◆ Material provided:

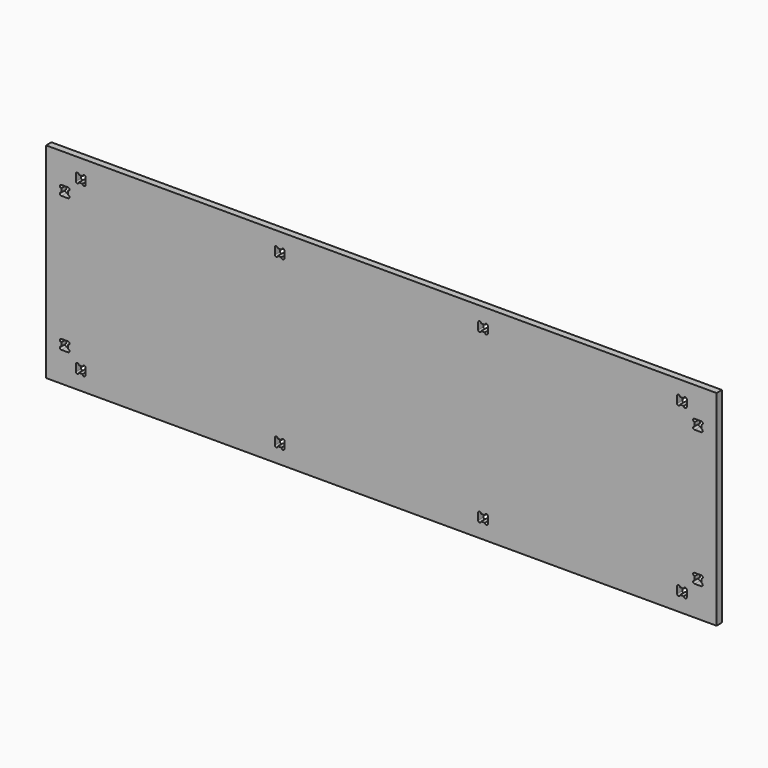
from build123d import *

# Parameters (mm, degrees)
F0_W     = 1800
F0_H     = 550
F1_DEPTH = 18


# Not quite as in the source:
# - ends of sketch curves that miss each other by under 0.0002 mm in the source are joined


with BuildPart() as f1:
    # F0 (on Front) → F1 (new body)
    with BuildSketch(Plane.XZ):
        Rectangle(F0_W, F0_H)
        with BuildLine():
            ThreePointArc((-812.0013296917, -234), (-816.0528989013, -237.9996675633), (-820, -233.8968701525))
            Line((-820, -233.8968701525), (-820, -216.0408403343))
            ThreePointArc((-820, -216.0408403343), (-816.0206289303, -212.0000521246), (-812.000208497, -216))
            Line((-812.000208497, -216), (-801.9986086037, -216))
            ThreePointArc((-801.9986086037, -216), (-797.945856423, -212.0003478642), (-794, -216.1054951861))
            Line((-794, -216.1054951861), (-794, -233.9987762793))
            Line((-794, -233.9987762793), (-794, -233.999999892))
            ThreePointArc((-794, -233.999999892), (-797.999999946, -237.9987762793), (-801.9999998128, -234))
            Line((-801.9999998128, -234), (-812.0013296917, -234))
        make_face(mode=Mode.SUBTRACT)
        with BuildLine():
            ThreePointArc((-859, -177.0002702016), (-862.9996675633, -172.948700992), (-858.8968701525, -169.0015998933))
            Line((-858.8968701525, -169.0015998933), (-841.0408403343, -169.0015998933))
            ThreePointArc((-841.0408403343, -169.0015998933), (-837.0000521246, -172.980970963), (-841, -177.0013913963))
            Line((-841, -177.0013913963), (-841, -187.0013913963))
            ThreePointArc((-841, -187.0013913963), (-837.0003478642, -191.054143577), (-841.1054951861, -195))
            Line((-841.1054951861, -195), (-858.8967770965, -195))
            ThreePointArc((-858.8967770965, -195), (-862.9996669629, -191.052947842), (-859, -187.0013320928))
            Line((-859, -187.0013320928), (-859, -177.0002702016))
        make_face(mode=Mode.SUBTRACT)
        with BuildLine():
            ThreePointArc((-278.0013430431, -234), (-282.0529122528, -237.9996675633), (-286.0000133514, -233.8968701525))
            Line((-286.0000133514, -233.8968701525), (-286.0000133514, -216.0408403343))
            ThreePointArc((-286.0000133514, -216.0408403343), (-282.0206422818, -212.0000521246), (-278.0002218485, -216))
            Line((-278.0002218485, -216), (-267.9986219552, -216))
            ThreePointArc((-267.9986219552, -216), (-263.9458697745, -212.0003478642), (-260.0000133514, -216.1054951861))
            Line((-260.0000133514, -216.1054951861), (-260.0000133514, -233.8967770965))
            ThreePointArc((-260.0000133514, -233.8967770965), (-263.9470655094, -237.9996669629), (-267.9986812587, -234))
            Line((-267.9986812587, -234), (-278.0013430431, -234))
        make_face(mode=Mode.SUBTRACT)
        with BuildLine():
            ThreePointArc((267.9986569569, -234), (263.9470877472, -237.9996675633), (259.9999866486, -233.8968701525))
            Line((259.9999866486, -233.8968701525), (259.9999866486, -216.0408403343))
            ThreePointArc((259.9999866486, -216.0408403343), (263.9793577182, -212.0000521246), (267.9997781515, -216))
            Line((267.9997781515, -216), (278.0027101376, -216))
            ThreePointArc((278.0027101376, -216), (282.002514573, -211.896777258), (285.9999866486, -216.0022722826))
            Line((285.9999866486, -216.0022722826), (285.9999866486, -233.793554193))
            ThreePointArc((285.9999866486, -233.793554193), (282.1045416448, -237.8954450037), (278.0026508341, -234))
            Line((278.0026508341, -234), (267.9986569569, -234))
        make_face(mode=Mode.SUBTRACT)
        with BuildLine():
            ThreePointArc((801.9986703083, -234), (797.9471010987, -237.9996675633), (794, -233.8968701525))
            Line((794, -233.8968701525), (794, -216.0408403343))
            ThreePointArc((794, -216.0408403343), (797.9793710697, -212.0000521246), (801.999791503, -216))
            Line((801.999791503, -216), (812.0013913963, -216))
            ThreePointArc((812.0013913963, -216), (816.054143577, -212.0003478642), (820, -216.1054951861))
            Line((820, -216.1054951861), (820, -233.8967770965))
            ThreePointArc((820, -233.8967770965), (816.052947842, -237.9996669629), (812.0013320928, -234))
            Line((812.0013320928, -234), (801.9986703083, -234))
        make_face(mode=Mode.SUBTRACT)
        with BuildLine():
            ThreePointArc((841, -177.0002702016), (837.0003324367, -172.948700992), (841.1031298475, -169.0015998933))
            Line((841.1031298475, -169.0015998933), (858.9591596657, -169.0015998933))
            ThreePointArc((858.9591596657, -169.0015998933), (862.9999478754, -172.980970963), (859, -177.0013913963))
            Line((859, -177.0013913963), (859, -187.0013913963))
            ThreePointArc((859, -187.0013913963), (862.9996521358, -191.054143577), (858.8945048139, -195))
            Line((858.8945048139, -195), (841.1032229035, -195))
            ThreePointArc((841.1032229035, -195), (837.0003330371, -191.052947842), (841, -187.0013320928))
            Line((841, -187.0013320928), (841, -177.0002702016))
        make_face(mode=Mode.SUBTRACT)
        with BuildLine():
            ThreePointArc((-859, 187.0013296917), (-862.9996675633, 191.0528989013), (-858.8968701525, 195))
            Line((-858.8968701525, 195), (-841.0408403343, 195))
            ThreePointArc((-841.0408403343, 195), (-837.0000521246, 191.0206289303), (-841, 187.000208497))
            Line((-841, 187.000208497), (-841, 176.9986086037))
            ThreePointArc((-841, 176.9986086037), (-837.0003478642, 172.945856423), (-841.1054951861, 169))
            Line((-841.1054951861, 169), (-858.8967770965, 169))
            ThreePointArc((-858.8967770965, 169), (-862.9996669629, 172.947052158), (-859, 176.9986679072))
            Line((-859, 176.9986679072), (-859, 187.0013296917))
        make_face(mode=Mode.SUBTRACT)
        with BuildLine():
            ThreePointArc((-812.0013296917, 216), (-816.0528989013, 212.0003324367), (-820, 216.1031298475))
            Line((-820, 216.1031298475), (-820, 233.9591596657))
            ThreePointArc((-820, 233.9591596657), (-816.0206289303, 237.9999478754), (-812.000208497, 234))
            Line((-812.000208497, 234), (-801.9986086037, 234))
            ThreePointArc((-801.9986086037, 234), (-797.945856423, 237.9996521358), (-794, 233.8945048139))
            Line((-794, 233.8945048139), (-794, 216.1032229035))
            ThreePointArc((-794, 216.1032229035), (-797.947052158, 212.0003330371), (-801.9986679072, 216))
            Line((-801.9986679072, 216), (-812.0013296917, 216))
        make_face(mode=Mode.SUBTRACT)
        with BuildLine():
            ThreePointArc((-278.0013296917, 216), (-282.0528989013, 212.0003324367), (-286, 216.1031298475))
            Line((-286, 216.1031298475), (-286, 233.9591596657))
            ThreePointArc((-286, 233.9591596657), (-282.0206289303, 237.9999478754), (-278.000208497, 234))
            Line((-278.000208497, 234), (-267.9986086037, 234))
            ThreePointArc((-267.9986086037, 234), (-263.945856423, 237.9996521358), (-260, 233.8945048139))
            Line((-260, 233.8945048139), (-260, 216.1032229035))
            ThreePointArc((-260, 216.1032229035), (-263.947052158, 212.0003330371), (-267.9986679072, 216))
            Line((-267.9986679072, 216), (-278.0013296917, 216))
        make_face(mode=Mode.SUBTRACT)
        with BuildLine():
            ThreePointArc((267.9986703083, 216), (263.9471010987, 212.0003324367), (260, 216.1031298475))
            Line((260, 216.1031298475), (260, 233.9591596657))
            ThreePointArc((260, 233.9591596657), (263.9793710697, 237.9999478754), (267.999791503, 234))
            Line((267.999791503, 234), (278.0013913963, 234))
            ThreePointArc((278.0013913963, 234), (282.054143577, 237.9996521358), (286, 233.8945048139))
            Line((286, 233.8945048139), (286, 216.1032229035))
            ThreePointArc((286, 216.1032229035), (282.052947842, 212.0003330371), (278.0013320928, 216))
            Line((278.0013320928, 216), (267.9986703083, 216))
        make_face(mode=Mode.SUBTRACT)
        with BuildLine():
            ThreePointArc((841, 187.0013296917), (837.0003324367, 191.0528989013), (841.1031298475, 195))
            Line((841.1031298475, 195), (858.9591596657, 195))
            ThreePointArc((858.9591596657, 195), (862.9999478754, 191.0206289303), (859, 187.000208497))
            Line((859, 187.000208497), (859, 176.9986086037))
            ThreePointArc((859, 176.9986086037), (862.9996521358, 172.945856423), (858.8945048139, 169))
            Line((858.8945048139, 169), (841.1032229035, 169))
            ThreePointArc((841.1032229035, 169), (837.0003330371, 172.947052158), (841, 176.9986679072))
            Line((841, 176.9986679072), (841, 187.0013296917))
        make_face(mode=Mode.SUBTRACT)
        with BuildLine():
            ThreePointArc((801.9986703083, 216), (797.9471010987, 212.0003324367), (794, 216.1031298475))
            Line((794, 216.1031298475), (794, 233.9591596657))
            ThreePointArc((794, 233.9591596657), (797.9793710697, 237.9999478754), (801.999791503, 234))
            Line((801.999791503, 234), (812.0013913963, 234))
            ThreePointArc((812.0013913963, 234), (816.054143577, 237.9996521358), (820, 233.8945048139))
            Line((820, 233.8945048139), (820, 216.1032229035))
            ThreePointArc((820, 216.1032229035), (816.052947842, 212.0003330371), (812.0013320928, 216))
            Line((812.0013320928, 216), (801.9986703083, 216))
        make_face(mode=Mode.SUBTRACT)
    extrude(amount=F1_DEPTH)


solid = f1.part
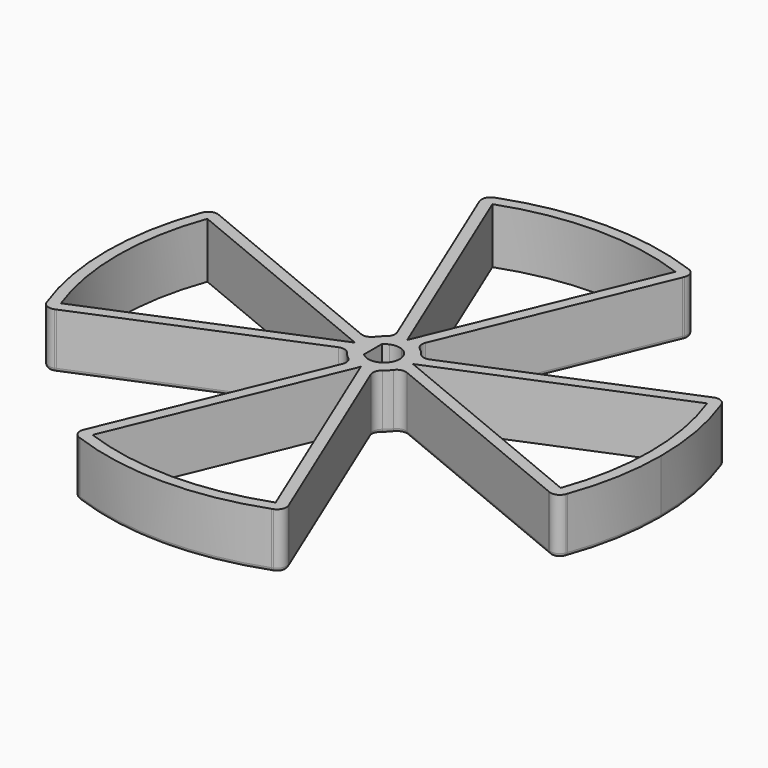
from build123d import *

# Parameters (mm, degrees)
F1_DEPTH = 6
F2_R     = 1
F3_R     = 0.4


# Not quite as in the source:
# - ends of sketch curves that miss each other by under 0.0002 mm in the source are joined


with BuildPart() as f1:
    # F0 (on Top) → F1 (new body)
    with BuildSketch(Plane.XY):
        with BuildLine():
            Line((-11.480502971, 27.7163859753), (-11.0212827483, 26.6077302858))
            ThreePointArc((-11.0212827483, 26.6077302858), (-10.4644415703, 26.8316128289), (-9.9030560674, 27.0438433826))
            Line((-9.9030560674, 27.0438433826), (-10.3626594529, 28.1534241091))
            ThreePointArc((-10.3626594529, 28.1534241091), (-10.9237670586, 27.9404959378), (-11.480502971, 27.7163859753))
        make_face()
        with BuildLine():
            Line((-11.0212827483, 26.6077302858), (-1.2000001632, 2.8970566689))
            ThreePointArc((-1.2000001632, 2.8970566689), (-0.6117547781, 3.0754989557), (0, 3.1357515423))
            Line((0, 3.1357515423), (-9.9030560674, 27.0438433826))
            ThreePointArc((-9.9030560674, 27.0438433826), (-10.4644415703, 26.8316128289), (-11.0212827483, 26.6077302858))
        make_face()
        with BuildLine():
            ThreePointArc((9.9030560674, 27.0438433826), (10.4644415703, 26.8316128289), (11.0212827483, 26.6077302858))
            Line((11.0212827483, 26.6077302858), (11.480502971, 27.7163859753))
            ThreePointArc((11.480502971, 27.7163859753), (10.9237670586, 27.9404959378), (10.3626594529, 28.1534241091))
            Line((10.3626594529, 28.1534241091), (9.9030560674, 27.0438433826))
        make_face()
        with BuildLine():
            ThreePointArc((0, 3.1357515423), (0.6117547781, 3.0754989557), (1.2000001632, 2.8970566689))
            Line((1.2000001632, 2.8970566689), (11.0212827483, 26.6077302858))
            ThreePointArc((11.0212827483, 26.6077302858), (10.4644415703, 26.8316128289), (9.9030560674, 27.0438433826))
            Line((9.9030560674, 27.0438433826), (0, 3.1357515423))
        make_face()
        with BuildLine():
            Line((-1.2000001632, 2.8970566689), (-0.650561835, 1.5705952053))
            ThreePointArc((-0.650561835, 1.5705952053), (0, 1.7), (0.650561835, 1.5705952053))
            Line((0.650561835, 1.5705952053), (1.2000001632, 2.8970566689))
            ThreePointArc((1.2000001632, 2.8970566689), (0.6117547781, 3.0754989557), (0, 3.1357515423))
            ThreePointArc((0, 3.1357515423), (-0.6117547781, 3.0754989557), (-1.2000001632, 2.8970566689))
        make_face()
        with BuildLine():
            Line((-2.8970566689, 1.2000001632), (-1.2, 0.4970562748))
            Line((-1.2, 0.4970562748), (-1.2, 1.2041594579))
            ThreePointArc((-1.2, 1.2041594579), (-0.943246291, 1.4143148286), (-0.650561835, 1.5705952053))
            Line((-0.650561835, 1.5705952053), (-1.2000001632, 2.8970566689))
            ThreePointArc((-1.2000001632, 2.8970566689), (-2.2173111797, 2.2173111797), (-2.8970566689, 1.2000001632))
        make_face()
        with BuildLine():
            Line((-2.8970566689, -1.2000001632), (-1.2, -0.4970562748))
            Line((-1.2, -0.4970562748), (-1.2, 0.4970562748))
            Line((-1.2, 0.4970562748), (-2.8970566689, 1.2000001632))
            ThreePointArc((-2.8970566689, 1.2000001632), (-3.0754989557, 0.6117547781), (-3.1357515423, 0))
            ThreePointArc((-3.1357515423, 0), (-3.0754989557, -0.6117547781), (-2.8970566689, -1.2000001632))
        make_face()
        with BuildLine():
            ThreePointArc((-3.1357515423, 0), (-3.0754989557, 0.6117547781), (-2.8970566689, 1.2000001632))
            Line((-2.8970566689, 1.2000001632), (-26.6077302858, 11.0212827483))
            ThreePointArc((-26.6077302858, 11.0212827483), (-26.8316128289, 10.4644415703), (-27.0438433826, 9.9030560674))
            Line((-27.0438433826, 9.9030560674), (-3.1357515423, 0))
        make_face()
        with BuildLine():
            ThreePointArc((-27.0438433826, 9.9030560674), (-26.8316128289, 10.4644415703), (-26.6077302858, 11.0212827483))
            Line((-26.6077302858, 11.0212827483), (-27.7163859753, 11.480502971))
            ThreePointArc((-27.7163859753, 11.480502971), (-27.9404959378, 10.9237670586), (-28.1534241091, 10.3626594529))
            Line((-28.1534241091, 10.3626594529), (-27.0438433826, 9.9030560674))
        make_face()
        with BuildLine():
            Line((-27.7163859753, -11.480502971), (-26.6077302858, -11.0212827483))
            ThreePointArc((-26.6077302858, -11.0212827483), (-26.8316128289, -10.4644415703), (-27.0438433826, -9.9030560674))
            Line((-27.0438433826, -9.9030560674), (-28.1534241091, -10.3626594529))
            ThreePointArc((-28.1534241091, -10.3626594529), (-27.9404959378, -10.9237670586), (-27.7163859753, -11.480502971))
        make_face()
        with BuildLine():
            ThreePointArc((0, -3.1357515423), (-0.6117547781, -3.0754989557), (-1.2000001632, -2.8970566689))
            Line((-1.2000001632, -2.8970566689), (-11.0212827483, -26.6077302858))
            ThreePointArc((-11.0212827483, -26.6077302858), (-10.4644415703, -26.8316128289), (-9.9030560674, -27.0438433826))
            Line((-9.9030560674, -27.0438433826), (0, -3.1357515423))
        make_face()
        with BuildLine():
            ThreePointArc((-9.9030560674, -27.0438433826), (-10.4644415703, -26.8316128289), (-11.0212827483, -26.6077302858))
            Line((-11.0212827483, -26.6077302858), (-11.480502971, -27.7163859753))
            ThreePointArc((-11.480502971, -27.7163859753), (-10.9237670586, -27.9404959378), (-10.3626594529, -28.1534241091))
            Line((-10.3626594529, -28.1534241091), (-9.9030560674, -27.0438433826))
        make_face()
        with BuildLine():
            Line((11.480502971, -27.7163859753), (11.0212827483, -26.6077302858))
            ThreePointArc((11.0212827483, -26.6077302858), (10.4644415703, -26.8316128289), (9.9030560674, -27.0438433826))
            Line((9.9030560674, -27.0438433826), (10.3626594529, -28.1534241091))
            ThreePointArc((10.3626594529, -28.1534241091), (10.9237670586, -27.9404959378), (11.480502971, -27.7163859753))
        make_face()
        with BuildLine():
            ThreePointArc((0.650561835, -1.5705952053), (0, -1.7), (-0.650561835, -1.5705952053))
            Line((-0.650561835, -1.5705952053), (-1.2000001632, -2.8970566689))
            ThreePointArc((-1.2000001632, -2.8970566689), (-0.6117547781, -3.0754989557), (0, -3.1357515423))
            ThreePointArc((0, -3.1357515423), (0.6117547781, -3.0754989557), (1.2000001632, -2.8970566689))
            Line((1.2000001632, -2.8970566689), (0.650561835, -1.5705952053))
        make_face()
        with BuildLine():
            ThreePointArc((1.5705952053, -0.650561835), (1.202081528, -1.202081528), (0.650561835, -1.5705952053))
            Line((0.650561835, -1.5705952053), (1.2000001632, -2.8970566689))
            ThreePointArc((1.2000001632, -2.8970566689), (2.2173111797, -2.2173111797), (2.8970566689, -1.2000001632))
            Line((2.8970566689, -1.2000001632), (1.5705952053, -0.650561835))
        make_face()
        with BuildLine():
            ThreePointArc((1.5705952053, 0.650561835), (1.7, 0), (1.5705952053, -0.650561835))
            Line((1.5705952053, -0.650561835), (2.8970566689, -1.2000001632))
            ThreePointArc((2.8970566689, -1.2000001632), (3.0754989557, -0.6117547781), (3.1357515423, 0))
            ThreePointArc((3.1357515423, 0), (3.0754989557, 0.6117547781), (2.8970566689, 1.2000001632))
            Line((2.8970566689, 1.2000001632), (1.5705952053, 0.650561835))
        make_face()
        with BuildLine():
            Line((1.2000001632, 2.8970566689), (0.650561835, 1.5705952053))
            ThreePointArc((0.650561835, 1.5705952053), (1.202081528, 1.202081528), (1.5705952053, 0.650561835))
            Line((1.5705952053, 0.650561835), (2.8970566689, 1.2000001632))
            ThreePointArc((2.8970566689, 1.2000001632), (2.2173111797, 2.2173111797), (1.2000001632, 2.8970566689))
        make_face()
        with BuildLine():
            Line((26.6077302858, 11.0212827483), (2.8970566689, 1.2000001632))
            ThreePointArc((2.8970566689, 1.2000001632), (3.0754989557, 0.6117547781), (3.1357515423, 0))
            Line((3.1357515423, 0), (27.0438433826, 9.9030560674))
            ThreePointArc((27.0438433826, 9.9030560674), (26.8316128289, 10.4644415703), (26.6077302858, 11.0212827483))
        make_face()
        with BuildLine():
            Line((27.7163859753, 11.480502971), (26.6077302858, 11.0212827483))
            ThreePointArc((26.6077302858, 11.0212827483), (26.8316128289, 10.4644415703), (27.0438433826, 9.9030560674))
            Line((27.0438433826, 9.9030560674), (28.1534241091, 10.3626594529))
            ThreePointArc((28.1534241091, 10.3626594529), (27.9404959378, 10.9237670586), (27.7163859753, 11.480502971))
        make_face()
        with BuildLine():
            ThreePointArc((3.1357515423, 0), (3.0754989557, -0.6117547781), (2.8970566689, -1.2000001632))
            Line((2.8970566689, -1.2000001632), (26.6077302858, -11.0212827483))
            ThreePointArc((26.6077302858, -11.0212827483), (26.8316128289, -10.4644415703), (27.0438433826, -9.9030560674))
            Line((27.0438433826, -9.9030560674), (3.1357515423, 0))
        make_face()
        with BuildLine():
            ThreePointArc((27.0438433826, -9.9030560674), (26.8316128289, -10.4644415703), (26.6077302858, -11.0212827483))
            Line((26.6077302858, -11.0212827483), (27.7163859753, -11.480502971))
            ThreePointArc((27.7163859753, -11.480502971), (27.9404959378, -10.9237670586), (28.1534241091, -10.3626594529))
            Line((28.1534241091, -10.3626594529), (27.0438433826, -9.9030560674))
        make_face()
        with BuildLine():
            ThreePointArc((-0.650561835, -1.5705952053), (-0.943246291, -1.4143148286), (-1.2, -1.2041594579))
            Line((-1.2, -1.2041594579), (-1.2, -0.4970562748))
            Line((-1.2, -0.4970562748), (-2.8970566689, -1.2000001632))
            ThreePointArc((-2.8970566689, -1.2000001632), (-2.2173111797, -2.2173111797), (-1.2000001632, -2.8970566689))
            Line((-1.2000001632, -2.8970566689), (-0.650561835, -1.5705952053))
        make_face()
        with BuildLine():
            Line((11.0212827483, -26.6077302858), (1.2000001632, -2.8970566689))
            ThreePointArc((1.2000001632, -2.8970566689), (0.6117547781, -3.0754989557), (0, -3.1357515423))
            Line((0, -3.1357515423), (9.9030560674, -27.0438433826))
            ThreePointArc((9.9030560674, -27.0438433826), (10.4644415703, -26.8316128289), (11.0212827483, -26.6077302858))
        make_face()
        with BuildLine():
            Line((-26.6077302858, -11.0212827483), (-2.8970566689, -1.2000001632))
            ThreePointArc((-2.8970566689, -1.2000001632), (-3.0754989557, -0.6117547781), (-3.1357515423, 0))
            Line((-3.1357515423, 0), (-27.0438433826, -9.9030560674))
            ThreePointArc((-27.0438433826, -9.9030560674), (-26.8316128289, -10.4644415703), (-26.6077302858, -11.0212827483))
        make_face()
        with BuildLine():
            Line((-10.3626594529, 28.1534241091), (-9.9030560674, 27.0438433826))
            ThreePointArc((-9.9030560674, 27.0438433826), (0, 28.7999997288), (9.9030560674, 27.0438433826))
            Line((9.9030560674, 27.0438433826), (10.3626594529, 28.1534241091))
            ThreePointArc((10.3626594529, 28.1534241091), (0, 30), (-10.3626594529, 28.1534241091))
        make_face()
        with BuildLine():
            ThreePointArc((-27.0438433826, -9.9030560674), (-28.7999997288, 0), (-27.0438433826, 9.9030560674))
            Line((-27.0438433826, 9.9030560674), (-28.1534241091, 10.3626594529))
            ThreePointArc((-28.1534241091, 10.3626594529), (-30, 0), (-28.1534241091, -10.3626594529))
            Line((-28.1534241091, -10.3626594529), (-27.0438433826, -9.9030560674))
        make_face()
        with BuildLine():
            Line((10.3626594529, -28.1534241091), (9.9030560674, -27.0438433826))
            ThreePointArc((9.9030560674, -27.0438433826), (0, -28.7999997288), (-9.9030560674, -27.0438433826))
            Line((-9.9030560674, -27.0438433826), (-10.3626594529, -28.1534241091))
            ThreePointArc((-10.3626594529, -28.1534241091), (0, -30), (10.3626594529, -28.1534241091))
        make_face()
        with BuildLine():
            ThreePointArc((28.7999997288, 0), (28.3575621878, -5.0287822727), (27.0438433826, -9.9030560674))
            Line((27.0438433826, -9.9030560674), (28.1534241091, -10.3626594529))
            ThreePointArc((28.1534241091, -10.3626594529), (29.534748376, -5.2629495878), (30, 0))
            ThreePointArc((30, 0), (29.534748376, 5.2629495878), (28.1534241091, 10.3626594529))
            Line((28.1534241091, 10.3626594529), (27.0438433826, 9.9030560674))
            ThreePointArc((27.0438433826, 9.9030560674), (28.3575621878, 5.0287822727), (28.7999997288, 0))
        make_face()
    extrude(amount=F1_DEPTH)

    # F2
    f2_edges = [f1.edges().sort_by_distance(p)[0] for p in [
        (-11.480503, 27.716386, 3),
        (11.480503, 27.716386, 3),
        (-27.716386, 11.480503, 3),
        (-1.2, 2.897057, 3),
        (-2.897057, 1.2, 3),
        (-27.716386, -11.480503, 3),
        (-11.480503, -27.716386, 3),
        (27.716386, 11.480503, 3),
        (-2.897057, -1.2, 3),
        (-1.2, -2.897057, 3),
        (1.2, -2.897057, 3),
        (2.897057, -1.2, 3),
        (11.480503, -27.716386, 3),
        (27.716386, -11.480503, 3),
        (1.2, 2.897057, 3),
        (2.897057, 1.2, 3),
    ]]
    fillet(f2_edges, radius=F2_R)

    # F3
    f3_edges = [f1.edges().sort_by_distance(p)[0] for p in [
        (-1.2, 0, 0),
        (1.7, 0, 0),
        (-3.057575, -1.495988, 0),
    ]]
    fillet(f3_edges, radius=F3_R)


solid = f1.part

◆ Directions:
Retype the entries above exactly, starting at their first line and ending with the line that holds "Line((-859, -187.0013320928), (-859, -177.0002702016))"; pictures stay out.

◆ Result of this task:
from build123d import *

# Parameters (mm, degrees)
F0_W     = 1800
F0_H     = 550
F1_DEPTH = 18


# Not quite as in the source:
# - ends of sketch curves that miss each other by under 0.0002 mm in the source are joined


with BuildPart() as f1:
    # F0 (on Front) → F1 (new body)
    with BuildSketch(Plane.XZ):
        Rectangle(F0_W, F0_H)
        with BuildLine():
            ThreePointArc((-812.0013296917, -234), (-816.0528989013, -237.9996675633), (-820, -233.8968701525))
            Line((-820, -233.8968701525), (-820, -216.0408403343))
            ThreePointArc((-820, -216.0408403343), (-816.0206289303, -212.0000521246), (-812.000208497, -216))
            Line((-812.000208497, -216), (-801.9986086037, -216))
            ThreePointArc((-801.9986086037, -216), (-797.945856423, -212.0003478642), (-794, -216.1054951861))
            Line((-794, -216.1054951861), (-794, -233.9987762793))
            Line((-794, -233.9987762793), (-794, -233.999999892))
            ThreePointArc((-794, -233.999999892), (-797.999999946, -237.9987762793), (-801.9999998128, -234))
            Line((-801.9999998128, -234), (-812.0013296917, -234))
        make_face(mode=Mode.SUBTRACT)
        with BuildLine():
            ThreePointArc((-859, -177.0002702016), (-862.9996675633, -172.948700992), (-858.8968701525, -169.0015998933))
            Line((-858.8968701525, -169.0015998933), (-841.0408403343, -169.0015998933))
            ThreePointArc((-841.0408403343, -169.0015998933), (-837.0000521246, -172.980970963), (-841, -177.0013913963))
            Line((-841, -177.0013913963), (-841, -187.0013913963))
            ThreePointArc((-841, -187.0013913963), (-837.0003478642, -191.054143577), (-841.1054951861, -195))
            Line((-841.1054951861, -195), (-858.8967770965, -195))
            ThreePointArc((-858.8967770965, -195), (-862.9996669629, -191.052947842), (-859, -187.0013320928))
            Line((-859, -187.0013320928), (-859, -177.0002702016))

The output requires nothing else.